La ex participante de Gran Hermano, Luciana Martínez, reapareció públicamente luego del escándalo que la tuvo en el centro de la escena y conmovió al contar su versión de los hechos. La joven estuvo como invitada en A la Barbarossa, donde relató con angustia lo que vivió tras ser detenida por una acusación de hurto a un turista estadounidense.
Durante la entrevista, Luciana Martínez negó rotundamente las versiones que la vinculan con la modalidad delictiva conocida como “viuda negra” y apuntó contra el accionar del hombre. Entre lágrimas, expresó: “Estaba muy angustiada y triste. Sentí miedo todo el tiempo”, dejando en evidencia el impacto emocional que le generó la situación.
En su relato, explicó que todo comenzó en un evento en un bar de Palermo, al que asistió junto a una amiga y su representante, Cristian Wagner. Allí conocieron a un turista estadounidense que se sumó al grupo y los invitó a continuar la noche en otro lugar. “Soy bastante dada y capaz eso tengo que mejorar”, reflexionó.
Según detalló, la comunicación con el hombre era limitada debido a la barrera idiomática, pero aun así compartieron bebidas y continuaron juntos hasta altas horas de la madrugada. “Nos invitó unos tragos. Decidimos bajar. Quedamos ahí hasta que termina la noche”, explicó sobre el inicio del vínculo.
Más adelante, la situación comenzó a tornarse extraña. Luciana Martínez aseguró que el turista ofreció drogas, aunque remarcó que ni ella ni su entorno consumieron. “Había algo que no me cerraba”, afirmó, al tiempo que recordó que el hombre comenzó a comportarse de manera errática producto del alcohol y las sustancias.
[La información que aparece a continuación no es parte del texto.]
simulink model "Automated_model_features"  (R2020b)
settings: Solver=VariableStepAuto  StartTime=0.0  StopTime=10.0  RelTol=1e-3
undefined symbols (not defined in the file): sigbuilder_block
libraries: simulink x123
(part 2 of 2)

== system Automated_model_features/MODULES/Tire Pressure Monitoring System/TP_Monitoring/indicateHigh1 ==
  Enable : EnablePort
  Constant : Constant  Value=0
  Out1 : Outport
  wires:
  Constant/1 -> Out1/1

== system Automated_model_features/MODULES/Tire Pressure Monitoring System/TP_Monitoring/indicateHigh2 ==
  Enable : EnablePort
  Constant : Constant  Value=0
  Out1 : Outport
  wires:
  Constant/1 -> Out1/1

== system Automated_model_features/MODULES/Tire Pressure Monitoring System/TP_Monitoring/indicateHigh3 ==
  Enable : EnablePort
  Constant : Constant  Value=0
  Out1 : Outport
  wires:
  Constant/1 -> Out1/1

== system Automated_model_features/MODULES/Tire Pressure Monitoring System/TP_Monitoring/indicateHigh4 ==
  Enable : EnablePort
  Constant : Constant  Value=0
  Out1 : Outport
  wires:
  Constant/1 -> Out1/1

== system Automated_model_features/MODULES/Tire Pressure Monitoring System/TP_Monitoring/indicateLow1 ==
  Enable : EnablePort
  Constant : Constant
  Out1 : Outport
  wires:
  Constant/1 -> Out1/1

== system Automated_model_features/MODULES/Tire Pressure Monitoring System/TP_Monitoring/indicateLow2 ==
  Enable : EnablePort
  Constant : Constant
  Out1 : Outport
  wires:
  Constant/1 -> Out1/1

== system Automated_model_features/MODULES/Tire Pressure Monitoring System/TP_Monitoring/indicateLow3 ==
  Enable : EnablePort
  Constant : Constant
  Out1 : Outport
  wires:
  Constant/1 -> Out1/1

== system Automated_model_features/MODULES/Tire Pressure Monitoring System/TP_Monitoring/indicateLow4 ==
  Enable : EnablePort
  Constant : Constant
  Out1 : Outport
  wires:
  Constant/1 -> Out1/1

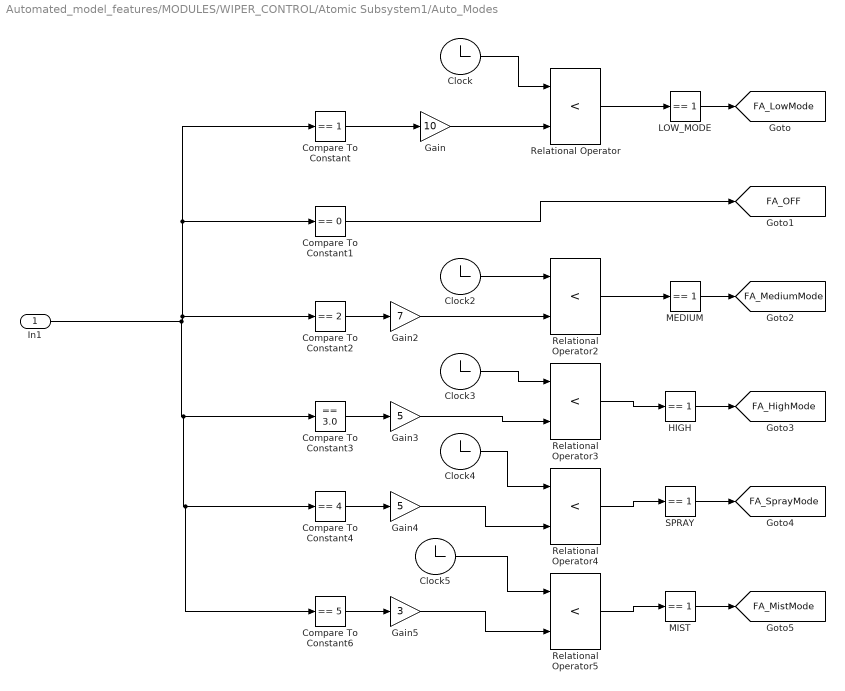
== system Automated_model_features/MODULES/WIPER_CONTROL/Atomic Subsystem1/Auto_Modes ==
  In1 : Inport
  Clock{,2..5} (5 alike) : Clock
      settings: Decimation=5
  Compare To Constant : simulink/Logic and Bit Operations/Compare To Constant  relop===  const=1  OutDataTypeStr=boolean
  Compare To Constant1 : simulink/Logic and Bit Operations/Compare To Constant  relop===  const=0  OutDataTypeStr=boolean
  Compare To Constant2 : simulink/Logic and Bit Operations/Compare To Constant  relop===  const=2  OutDataTypeStr=boolean
  Compare To Constant3 : simulink/Logic and Bit Operations/Compare To Constant  relop===  const=3.0  OutDataTypeStr=boolean
  Compare To Constant4 : simulink/Logic and Bit Operations/Compare To Constant  relop===  const=4  OutDataTypeStr=boolean
  Compare To Constant6 : simulink/Logic and Bit Operations/Compare To Constant  relop===  const=5  OutDataTypeStr=boolean
  Gain : Gain  Gain=10
  Gain2 : Gain  Gain=7
  Gain3 : Gain  Gain=5
  Gain4 : Gain  Gain=5
  Gain5 : Gain  Gain=3
  HIGH : simulink/Logic and Bit Operations/Compare To Constant  relop===  const=1  OutDataTypeStr=boolean
  LOW_MODE : simulink/Logic and Bit Operations/Compare To Constant  relop===  const=1  OutDataTypeStr=boolean
  MEDIUM : simulink/Logic and Bit Operations/Compare To Constant  relop===  const=1  OutDataTypeStr=boolean
  MIST : simulink/Logic and Bit Operations/Compare To Constant  relop===  const=1  OutDataTypeStr=boolean
  Relational Operator{,2..5} (5 alike) : RelationalOperator  Operator=<  OutDataTypeStr=boolean  RndMeth=Simplest
  SPRAY : simulink/Logic and Bit Operations/Compare To Constant  relop===  const=1  OutDataTypeStr=boolean
  tag scope: FA_HighMode=global, FA_LowMode=global, FA_MediumMode=global, FA_MistMode=global, FA_OFF=global, FA_SprayMode=global
  wires:
  In1/1 -> Compare To Constant6/1, Compare To Constant4/1, Compare To Constant3/1, Compare To Constant2/1, Compare To Constant/1, Compare To Constant1/1
  Clock/1 -> Relational Operator/1
  Relational Operator/1 -> LOW_MODE/1
  Gain/1 -> Relational Operator/2
  Compare To Constant/1 -> Gain/1
  Clock2/1 -> Relational Operator2/1
  Gain2/1 -> Relational Operator2/2
  Compare To Constant2/1 -> Gain2/1
  Clock3/1 -> Relational Operator3/1
  Gain3/1 -> Relational Operator3/2
  Compare To Constant3/1 -> Gain3/1
  Gain4/1 -> Relational Operator4/2
  Clock4/1 -> Relational Operator4/1
  Compare To Constant4/1 -> Gain4/1
  LOW_MODE/1 -> [FA_LowMode]
  MEDIUM/1 -> [FA_MediumMode]
  Relational Operator2/1 -> MEDIUM/1
  HIGH/1 -> [FA_HighMode]
  Relational Operator3/1 -> HIGH/1
  SPRAY/1 -> [FA_SprayMode]
  Relational Operator4/1 -> SPRAY/1
  Compare To Constant1/1 -> [FA_OFF]
  Relational Operator5/1 -> MIST/1
  Gain5/1 -> Relational Operator5/2
  Clock5/1 -> Relational Operator5/1
  MIST/1 -> [FA_MistMode]
  Compare To Constant6/1 -> Gain5/1

== system Automated_model_features/MODULES/WIPER_CONTROL/Atomic Subsystem1/Manual_mode ==
  In1 : Inport
  Bw30_60 : Logic  IconShape=distinctive  AllPortsSameDT=off  OutDataTypeStr=boolean
  Bw60_100 : Logic  IconShape=distinctive  AllPortsSameDT=off  OutDataTypeStr=boolean
  Compare To Constant1 : simulink/Logic and Bit Operations/Compare To Constant  relop=>  const=30  OutDataTypeStr=boolean
  Compare To Constant2 : simulink/Logic and Bit Operations/Compare To Constant  relop=<=  const=60  OutDataTypeStr=boolean
  Compare To Constant3 : simulink/Logic and Bit Operations/Compare To Constant  relop=>  const=60  OutDataTypeStr=boolean
  Compare To Constant4 : simulink/Logic and Bit Operations/Compare To Constant  relop=<=  const=100  OutDataTypeStr=boolean
  Display : Display
  LessThan30 : simulink/Logic and Bit Operations/Compare To Constant  relop=<=  const=30  OutDataTypeStr=boolean
  Slider : SliderBlock
  String Constant : StringConstant  String="\"Undefined!\""
  Switch : Switch  Criteria=u2 > Threshold  Threshold=5
  tag scope: FM_Bw30_60=global, FM_Bw60_100=global, FM_lessthan30=global
  wires:
  Compare To Constant1/1 -> Bw30_60/1
  Bw30_60/1 -> [FM_Bw30_60]
  [FC_ManualInput] -> Compare To Constant4/1, Compare To Constant3/1, Compare To Constant2/1, Compare To Constant1/1, LessThan30/1, Switch/1
  Compare To Constant4/1 -> Bw60_100/2
  LessThan30/1 -> [FM_lessthan30]
  Switch/1 -> Display/1
  Compare To Constant3/1 -> Bw60_100/1
  Bw60_100/1 -> [FM_Bw60_100]
  Compare To Constant2/1 -> Bw30_60/2
  In1/1 -> Switch/2
  String Constant/1 -> Switch/3

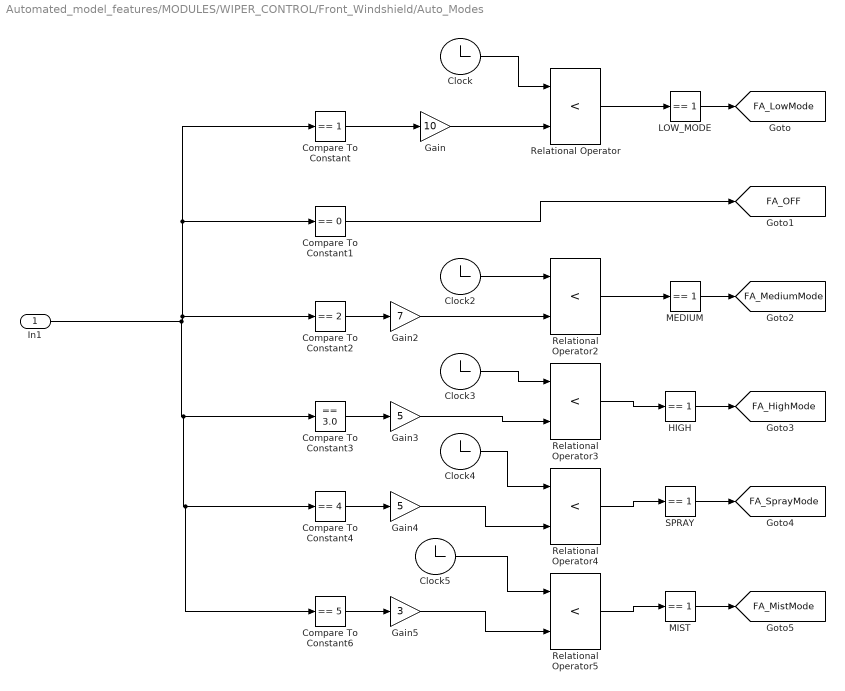
== system Automated_model_features/MODULES/WIPER_CONTROL/Front_Windshield/Auto_Modes ==
  In1 : Inport
  Clock{,2..5} (5 alike) : Clock
      settings: Decimation=5
  Compare To Constant : simulink/Logic and Bit Operations/Compare To Constant  relop===  const=1  OutDataTypeStr=boolean
  Compare To Constant1 : simulink/Logic and Bit Operations/Compare To Constant  relop===  const=0  OutDataTypeStr=boolean
  Compare To Constant2 : simulink/Logic and Bit Operations/Compare To Constant  relop===  const=2  OutDataTypeStr=boolean
  Compare To Constant3 : simulink/Logic and Bit Operations/Compare To Constant  relop===  const=3.0  OutDataTypeStr=boolean
  Compare To Constant4 : simulink/Logic and Bit Operations/Compare To Constant  relop===  const=4  OutDataTypeStr=boolean
  Compare To Constant6 : simulink/Logic and Bit Operations/Compare To Constant  relop===  const=5  OutDataTypeStr=boolean
  Gain : Gain  Gain=10
  Gain2 : Gain  Gain=7
  Gain3 : Gain  Gain=5
  Gain4 : Gain  Gain=5
  Gain5 : Gain  Gain=3
  HIGH : simulink/Logic and Bit Operations/Compare To Constant  relop===  const=1  OutDataTypeStr=boolean
  LOW_MODE : simulink/Logic and Bit Operations/Compare To Constant  relop===  const=1  OutDataTypeStr=boolean
  MEDIUM : simulink/Logic and Bit Operations/Compare To Constant  relop===  const=1  OutDataTypeStr=boolean
  MIST : simulink/Logic and Bit Operations/Compare To Constant  relop===  const=1  OutDataTypeStr=boolean
  Relational Operator{,2..5} (5 alike) : RelationalOperator  Operator=<  OutDataTypeStr=boolean  RndMeth=Simplest
  SPRAY : simulink/Logic and Bit Operations/Compare To Constant  relop===  const=1  OutDataTypeStr=boolean
  tag scope: FA_HighMode=global, FA_LowMode=global, FA_MediumMode=global, FA_MistMode=global, FA_OFF=global, FA_SprayMode=global
  wires:
  In1/1 -> Compare To Constant6/1, Compare To Constant4/1, Compare To Constant3/1, Compare To Constant2/1, Compare To Constant/1, Compare To Constant1/1
  Clock/1 -> Relational Operator/1
  Relational Operator/1 -> LOW_MODE/1
  Gain/1 -> Relational Operator/2
  Compare To Constant/1 -> Gain/1
  Clock2/1 -> Relational Operator2/1
  Gain2/1 -> Relational Operator2/2
  Compare To Constant2/1 -> Gain2/1
  Clock3/1 -> Relational Operator3/1
  Gain3/1 -> Relational Operator3/2
  Compare To Constant3/1 -> Gain3/1
  Gain4/1 -> Relational Operator4/2
  Clock4/1 -> Relational Operator4/1
  Compare To Constant4/1 -> Gain4/1
  LOW_MODE/1 -> [FA_LowMode]
  MEDIUM/1 -> [FA_MediumMode]
  Relational Operator2/1 -> MEDIUM/1
  HIGH/1 -> [FA_HighMode]
  Relational Operator3/1 -> HIGH/1
  SPRAY/1 -> [FA_SprayMode]
  Relational Operator4/1 -> SPRAY/1
  Compare To Constant1/1 -> [FA_OFF]
  Relational Operator5/1 -> MIST/1
  Gain5/1 -> Relational Operator5/2
  Clock5/1 -> Relational Operator5/1
  MIST/1 -> [FA_MistMode]
  Compare To Constant6/1 -> Gain5/1

== system Automated_model_features/MODULES/WIPER_CONTROL/Front_Windshield/Manual_mode ==
  In1 : Inport
  Bw30_60 : Logic  IconShape=distinctive  AllPortsSameDT=off  OutDataTypeStr=boolean
  Bw60_100 : Logic  IconShape=distinctive  AllPortsSameDT=off  OutDataTypeStr=boolean
  Compare To Constant1 : simulink/Logic and Bit Operations/Compare To Constant  relop=>  const=30  OutDataTypeStr=boolean
  Compare To Constant2 : simulink/Logic and Bit Operations/Compare To Constant  relop=<=  const=60  OutDataTypeStr=boolean
  Compare To Constant3 : simulink/Logic and Bit Operations/Compare To Constant  relop=>  const=60  OutDataTypeStr=boolean
  Compare To Constant4 : simulink/Logic and Bit Operations/Compare To Constant  relop=<=  const=100  OutDataTypeStr=boolean
  Display : Display
  LessThan30 : simulink/Logic and Bit Operations/Compare To Constant  relop=<=  const=30  OutDataTypeStr=boolean
  Slider : SliderBlock
  String Constant : StringConstant  String="\"Undefined!\""
  Switch : Switch  Criteria=u2 > Threshold  Threshold=5
  tag scope: FM_Bw30_60=global, FM_Bw60_100=global, FM_lessthan30=global
  wires:
  Compare To Constant1/1 -> Bw30_60/1
  Bw30_60/1 -> [FM_Bw30_60]
  [FC_ManualInput] -> Compare To Constant4/1, Compare To Constant3/1, Compare To Constant2/1, Compare To Constant1/1, LessThan30/1, Switch/1
  Compare To Constant4/1 -> Bw60_100/2
  LessThan30/1 -> [FM_lessthan30]
  Switch/1 -> Display/1
  Compare To Constant3/1 -> Bw60_100/1
  Bw60_100/1 -> [FM_Bw60_100]
  Compare To Constant2/1 -> Bw30_60/2
  In1/1 -> Switch/2
  String Constant/1 -> Switch/3

== system Automated_model_features/MODULES/WIPER_CONTROL/Wiper_Control/Atomic Subsystem ==
  Inport : Inport
  Clock : Clock
      settings: Decimation=5
  Compare To Constant : simulink/Logic and Bit Operations/Compare To Constant  relop===  const=1  OutDataTypeStr=boolean
  Compare To Constant5 : simulink/Logic and Bit Operations/Compare To Constant  relop===  const=1  OutDataTypeStr=boolean
  Gain : Gain  Gain=10
  Relational Operator : RelationalOperator  Operator=<  OutDataTypeStr=boolean  RndMeth=Simplest
  tag scope: BW_Display=global
  wires:
  Compare To Constant5/1 -> [BW_Display]
  Inport/1 -> Compare To Constant/1
  Gain/1 -> Relational Operator/2
  Clock/1 -> Relational Operator/1
  Relational Operator/1 -> Compare To Constant5/1
  Compare To Constant/1 -> Gain/1

== system Automated_model_features/MODULES/WIPER_CONTROL/Wiper_Control/Atomic Subsystem1 ==
  Inport : Inport
  Auto_Modes : Subsystem
  Display : Display
  Manual_mode : Subsystem
  wires:
  [FW_Modes] -> Manual_mode/1(In1), Auto_Modes/1(In1)
  Inport/1 -> Display/1

== system Automated_model_features/MODULES/WIPER_CONTROL/Wiper_Control/Back_Windshield ==
  Lamp : LampBlock

== system Automated_model_features/MODULES/WIPER_CONTROL/Wiper_Control/Front_Windshield ==
  Enable : EnablePort
  Auto_Modes : Subsystem
  Manual_mode : Subsystem
  Rotary Switch : RotarySwitchBlock  Commented=on
      settings: Values={{'Off', 'Low', 'Medium', 'High', 'Spray', 'Manual', 'MistMode'}, [0 1 2 3 4 5 6]}
  wires:
  [FW_Modes] -> Manual_mode/1(In1), Auto_Modes/1(In1)

== system Automated_model_features/MODULES/sunroof/Subsystem/Enabled Subsystem ==
  In1 : Inport
  Enable : EnablePort
  Outport : Outport
  wires:
  In1/1 -> Outport/1

== system Automated_model_features/MODULES/sunroof/Subsystem1/Enabled Subsystem1 ==
  In1 : Inport
  Enable : EnablePort
  Outport : Outport
  wires:
  In1/1 -> Outport/1

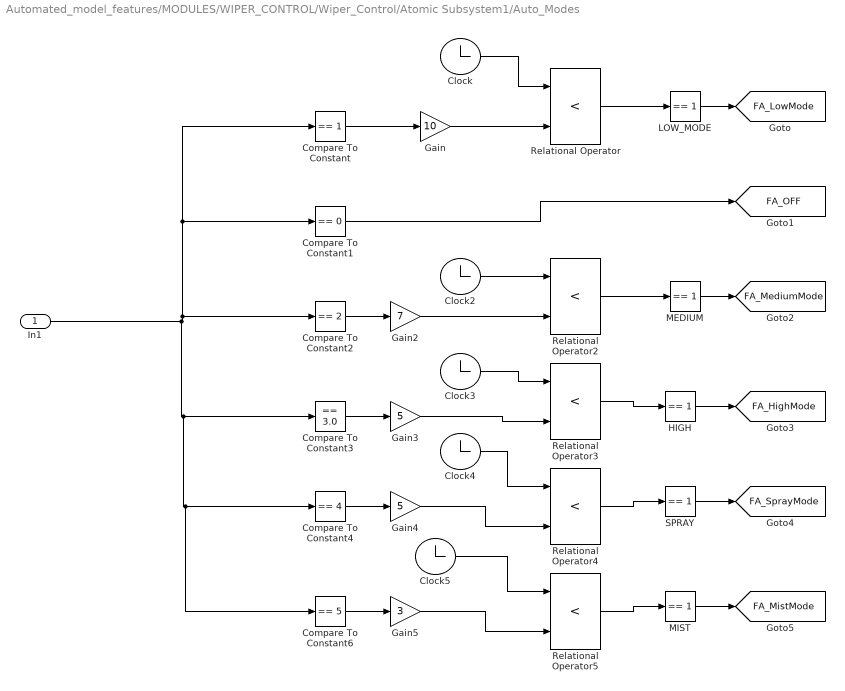
== system Automated_model_features/MODULES/WIPER_CONTROL/Wiper_Control/Atomic Subsystem1/Auto_Modes ==
  In1 : Inport
  Clock{,2..5} (5 alike) : Clock
      settings: Decimation=5
  Compare To Constant : simulink/Logic and Bit Operations/Compare To Constant  relop===  const=1  OutDataTypeStr=boolean
  Compare To Constant1 : simulink/Logic and Bit Operations/Compare To Constant  relop===  const=0  OutDataTypeStr=boolean
  Compare To Constant2 : simulink/Logic and Bit Operations/Compare To Constant  relop===  const=2  OutDataTypeStr=boolean
  Compare To Constant3 : simulink/Logic and Bit Operations/Compare To Constant  relop===  const=3.0  OutDataTypeStr=boolean
  Compare To Constant4 : simulink/Logic and Bit Operations/Compare To Constant  relop===  const=4  OutDataTypeStr=boolean
  Compare To Constant6 : simulink/Logic and Bit Operations/Compare To Constant  relop===  const=5  OutDataTypeStr=boolean
  Gain : Gain  Gain=10
  Gain2 : Gain  Gain=7
  Gain3 : Gain  Gain=5
  Gain4 : Gain  Gain=5
  Gain5 : Gain  Gain=3
  HIGH : simulink/Logic and Bit Operations/Compare To Constant  relop===  const=1  OutDataTypeStr=boolean
  LOW_MODE : simulink/Logic and Bit Operations/Compare To Constant  relop===  const=1  OutDataTypeStr=boolean
  MEDIUM : simulink/Logic and Bit Operations/Compare To Constant  relop===  const=1  OutDataTypeStr=boolean
  MIST : simulink/Logic and Bit Operations/Compare To Constant  relop===  const=1  OutDataTypeStr=boolean
  Relational Operator{,2..5} (5 alike) : RelationalOperator  Operator=<  OutDataTypeStr=boolean  RndMeth=Simplest
  SPRAY : simulink/Logic and Bit Operations/Compare To Constant  relop===  const=1  OutDataTypeStr=boolean
  tag scope: FA_HighMode=global, FA_LowMode=global, FA_MediumMode=global, FA_MistMode=global, FA_OFF=global, FA_SprayMode=global
  wires:
  In1/1 -> Compare To Constant6/1, Compare To Constant4/1, Compare To Constant3/1, Compare To Constant2/1, Compare To Constant/1, Compare To Constant1/1
  Clock/1 -> Relational Operator/1
  Relational Operator/1 -> LOW_MODE/1
  Gain/1 -> Relational Operator/2
  Compare To Constant/1 -> Gain/1
  Clock2/1 -> Relational Operator2/1
  Gain2/1 -> Relational Operator2/2
  Compare To Constant2/1 -> Gain2/1
  Clock3/1 -> Relational Operator3/1
  Gain3/1 -> Relational Operator3/2
  Compare To Constant3/1 -> Gain3/1
  Gain4/1 -> Relational Operator4/2
  Clock4/1 -> Relational Operator4/1
  Compare To Constant4/1 -> Gain4/1
  LOW_MODE/1 -> [FA_LowMode]
  MEDIUM/1 -> [FA_MediumMode]
  Relational Operator2/1 -> MEDIUM/1
  HIGH/1 -> [FA_HighMode]
  Relational Operator3/1 -> HIGH/1
  SPRAY/1 -> [FA_SprayMode]
  Relational Operator4/1 -> SPRAY/1
  Compare To Constant1/1 -> [FA_OFF]
  Relational Operator5/1 -> MIST/1
  Gain5/1 -> Relational Operator5/2
  Clock5/1 -> Relational Operator5/1
  MIST/1 -> [FA_MistMode]
  Compare To Constant6/1 -> Gain5/1

== system Automated_model_features/MODULES/WIPER_CONTROL/Wiper_Control/Atomic Subsystem1/Manual_mode ==
  In1 : Inport
  Bw30_60 : Logic  IconShape=distinctive  AllPortsSameDT=off  OutDataTypeStr=boolean
  Bw60_100 : Logic  IconShape=distinctive  AllPortsSameDT=off  OutDataTypeStr=boolean
  Compare To Constant1 : simulink/Logic and Bit Operations/Compare To Constant  relop=>  const=30  OutDataTypeStr=boolean
  Compare To Constant2 : simulink/Logic and Bit Operations/Compare To Constant  relop=<=  const=60  OutDataTypeStr=boolean
  Compare To Constant3 : simulink/Logic and Bit Operations/Compare To Constant  relop=>  const=60  OutDataTypeStr=boolean
  Compare To Constant4 : simulink/Logic and Bit Operations/Compare To Constant  relop=<=  const=100  OutDataTypeStr=boolean
  Display : Display
  LessThan30 : simulink/Logic and Bit Operations/Compare To Constant  relop=<=  const=30  OutDataTypeStr=boolean
  Slider : SliderBlock
  String Constant : StringConstant  String="\"Undefined!\""
  Switch : Switch  Criteria=u2 > Threshold  Threshold=5
  tag scope: FM_Bw30_60=global, FM_Bw60_100=global, FM_lessthan30=global
  wires:
  Compare To Constant1/1 -> Bw30_60/1
  Bw30_60/1 -> [FM_Bw30_60]
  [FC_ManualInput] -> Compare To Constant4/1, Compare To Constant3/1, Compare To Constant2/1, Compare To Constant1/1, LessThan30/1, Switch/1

El momento más tenso ocurrió ya en el hotel, cuando la situación escaló a un episodio de violencia. “En eso que me empieza a tocar la ropa, se da cuenta que no soy una chica cis. Él empieza a mostrar una forma más desde el enojo. Me agarra de los brazos”, relató con crudeza sobre el cambio de actitud del turista.
En medio del conflicto, la joven intentó escapar mientras el hombre también agredía a su amigo. “Ahí es donde le grito a mi amigo que me quiero ir”, recordó. Luego, explicó que le pidió que se retirara del lugar para intentar calmar la situación: “Si él se quedaba toda esta guerra iba a seguir”.
Finalmente, Luciana Martínez cerró su testimonio con una frase que resume el drama vivido: “Sentí miedo todo el tiempo, pero en ese estado no sabés cómo reaccionar”. A pesar de las dudas que aún rodean el caso, su relato volvió a poner el foco en una noche que terminó de la peor manera.